On Fri, Aug 2, 2019 at 7:44 AM Viresh Kumar viresh.kumar@linaro.org wrote:
Intel pstate driver exposes min_perf_pct and max_perf_pct sysfs files, which can be used to force a limit on the min/max P state of the driver. Though these files eventually control the min/max frequencies that the CPUs will run at, they don't make a change to policy->min/max values.
That's correct.
When the values of these files are changed (in passive mode of the driver), it leads to calling ->limits() callback of the cpufreq governors, like schedutil. On a call to it the governors shall forcefully update the frequency to come within the limits.
OK, so the problem is that it is a bug to invoke the governor's ->limits() callback without updating policy->min/max, because that's what "limits" mean to the governors.
Fair enough.
For getting the value within limits, the schedutil governor calls cpufreq_driver_resolve_freq(), which eventually tries to call ->resolve_freq() callback for this driver. Since the callback isn't present, the schedutil governor fails to get the target freq within limit and sometimes aborts the update believing that the frequency is already set to the target value.

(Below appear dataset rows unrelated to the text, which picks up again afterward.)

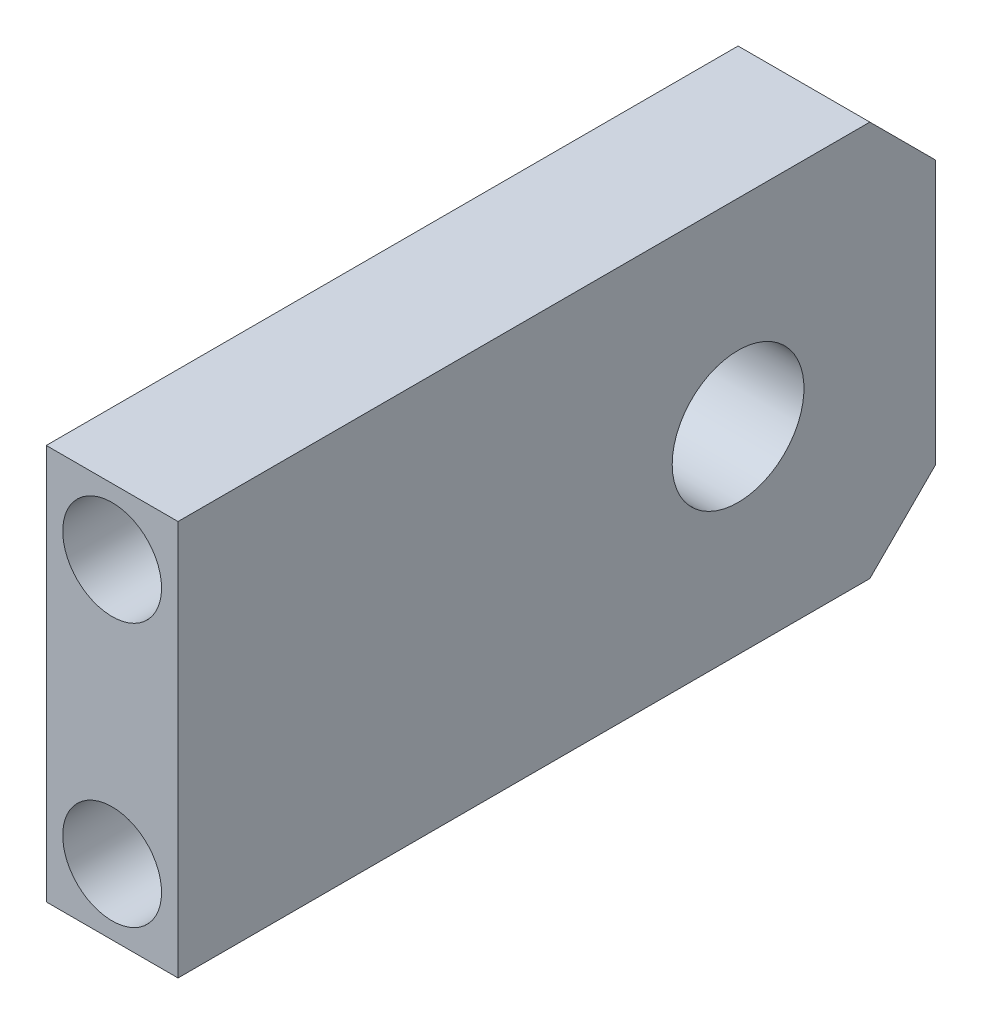
from build123d import *

# Parameters (mm, degrees)
SKETCH3_W           = 23
SKETCH3_H           = 12
BOSS_EXTRUDE1_DEPTH = 4
SKETCH7_R           = 1.5
CUT_EXTRUDE1_DEPTH  = 10
SKETCH8_R           = 2
CUT_EXTRUDE2_DEPTH  = 27.248809497
CHAMFER1_SIZE       = 2


with BuildPart() as part:
    # Sketch3 → Boss-Extrude1 (new body)
    with BuildSketch(Plane(origin=(0, 0, 0), x_dir=(0, 0, -1), z_dir=(1, 0, 0))):
        with Locations((11.5, -6)):
            Rectangle(SKETCH3_W, SKETCH3_H)
    extrude(amount=BOSS_EXTRUDE1_DEPTH)

    # Sketch7 → Cut-Extrude1 (cut)
    with BuildSketch(Plane.XY):
        with Locations((2, -2)):
            Circle(SKETCH7_R)
        with Locations((2, -10)):
            Circle(SKETCH7_R)
    extrude(amount=-CUT_EXTRUDE1_DEPTH, mode=Mode.SUBTRACT)

    # Sketch8 → Cut-Extrude2 (cut, through all)
    with BuildSketch(Plane.ZY):
        with Locations((-17, -6)):
            Circle(SKETCH8_R)
    extrude(amount=-CUT_EXTRUDE2_DEPTH, mode=Mode.SUBTRACT)

    # Chamfer1
    chamfer1_edges = [part.edges().sort_by_distance(p)[0] for p in [
        (2, 0, -23),
        (2, -12, -23),
    ]]
    chamfer(chamfer1_edges, length=CHAMFER1_SIZE)


solid = part.part
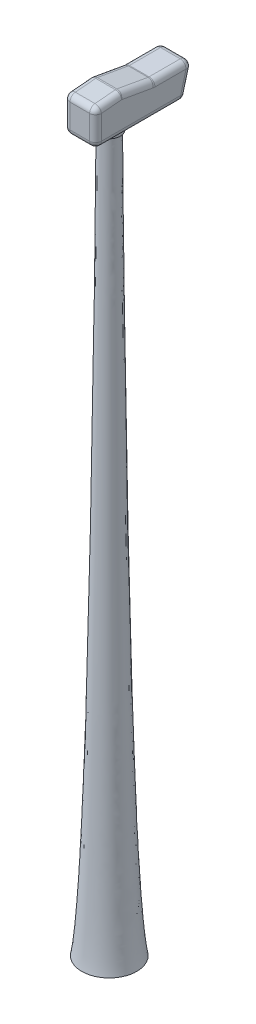
from build123d import *

# Parameters (mm, degrees)
AUFSATZ_LINEAR_AUSTRAGEN1_DEPTH      = 3840
AUFSATZ_LINEAR_AUSTRAGEN1_DEPTH_BACK = 3840
VERRUNDUNG1_R                        = 1440


with BuildPart() as part:
    # Skizze2 → Aufsatz-Linear austragen1 (new, two sides: drawn at the far end of the back side and taken through both)
    with BuildSketch(Plane(origin=(0, 0, 0), x_dir=(0, 0, -1), z_dir=(1, 0, 0)).offset(-AUFSATZ_LINEAR_AUSTRAGEN1_DEPTH_BACK)):
        Polygon((2800, -4320), (2800, 4320), (9280, 4886.926539648), (17200, 3490.416852437), (26800, 3490.416852437), (24707.205111839, -4320), align=None)
    extrude(amount=AUFSATZ_LINEAR_AUSTRAGEN1_DEPTH + AUFSATZ_LINEAR_AUSTRAGEN1_DEPTH_BACK)

    # Verrundung1
    verrundung1_edges = [part.edges().sort_by_distance(p)[0] for p in [
        (-3840, -414.791573782, -25753.60255592),
        (-3840, -4320, -13753.60255592),
        (0, -4320, -24707.205111839),
        (-3840, 3490.416852437, -22000),
        (0, 3490.416852437, -26800),
        (-3840, 4188.671696042, -13240),
        (0, 3490.416852437, -17200),
        (3840, 4188.671696042, -13240),
        (3840, 3490.416852437, -22000),
        (3840, -414.791573782, -25753.60255592),
        (3840, -4320, -13753.60255592),
        (-3840, 4603.463269824, -6040),
        (0, 4886.926539648, -9280),
        (3840, 4603.463269824, -6040),
        (-3840, 0, -2800),
        (0, 4320, -2800),
        (3840, 0, -2800),
        (0, -4320, -2800),
    ]]
    fillet(verrundung1_edges, radius=VERRUNDUNG1_R)

    # Skizze3 → Rotation1 (revolve)
    with BuildSketch(Plane(origin=(0, 0, 0), x_dir=(0, 0, -1), z_dir=(1, 0, 0))):
        with BuildLine():
            Line((10000, -2880), (7312, -2880))
            Line((7312, -2880), (7312, -5280))
            Line((7312, -5280), (7552, -5280))
            Line((7552, -5280), (7552, -4320))
            Line((7552, -4320), (7696, -4320))
            Line((7696, -4320), (7696, -5280))
            add(Edge.make_bspline(
                [(7696, -5280), (7696, -6007.773618817), (6760.658542043, -162191.98919373), (3280, -180000)],
                knots=[0, 0, 0, 0, 1, 1, 1, 1], degree=3))
            Line((3280, -180000), (10000, -180000))
            Line((10000, -180000), (10000, -2880))
        make_face()
    revolve(axis=Axis((0, 0, -10000), (0, -1, 0)))


solid = part.part

This patch implements the resolve_freq() callback, so the correct target frequency can be returned by the driver and the schedutil governor gets the frequency within limits immediately.
So the problem is that ->resolve_freq() adds overhead and it adds that overhead even if the limits don't change. It just sits there and computes things every time even if that is completely redundant.
So no, this is not the right way to fix it IMO.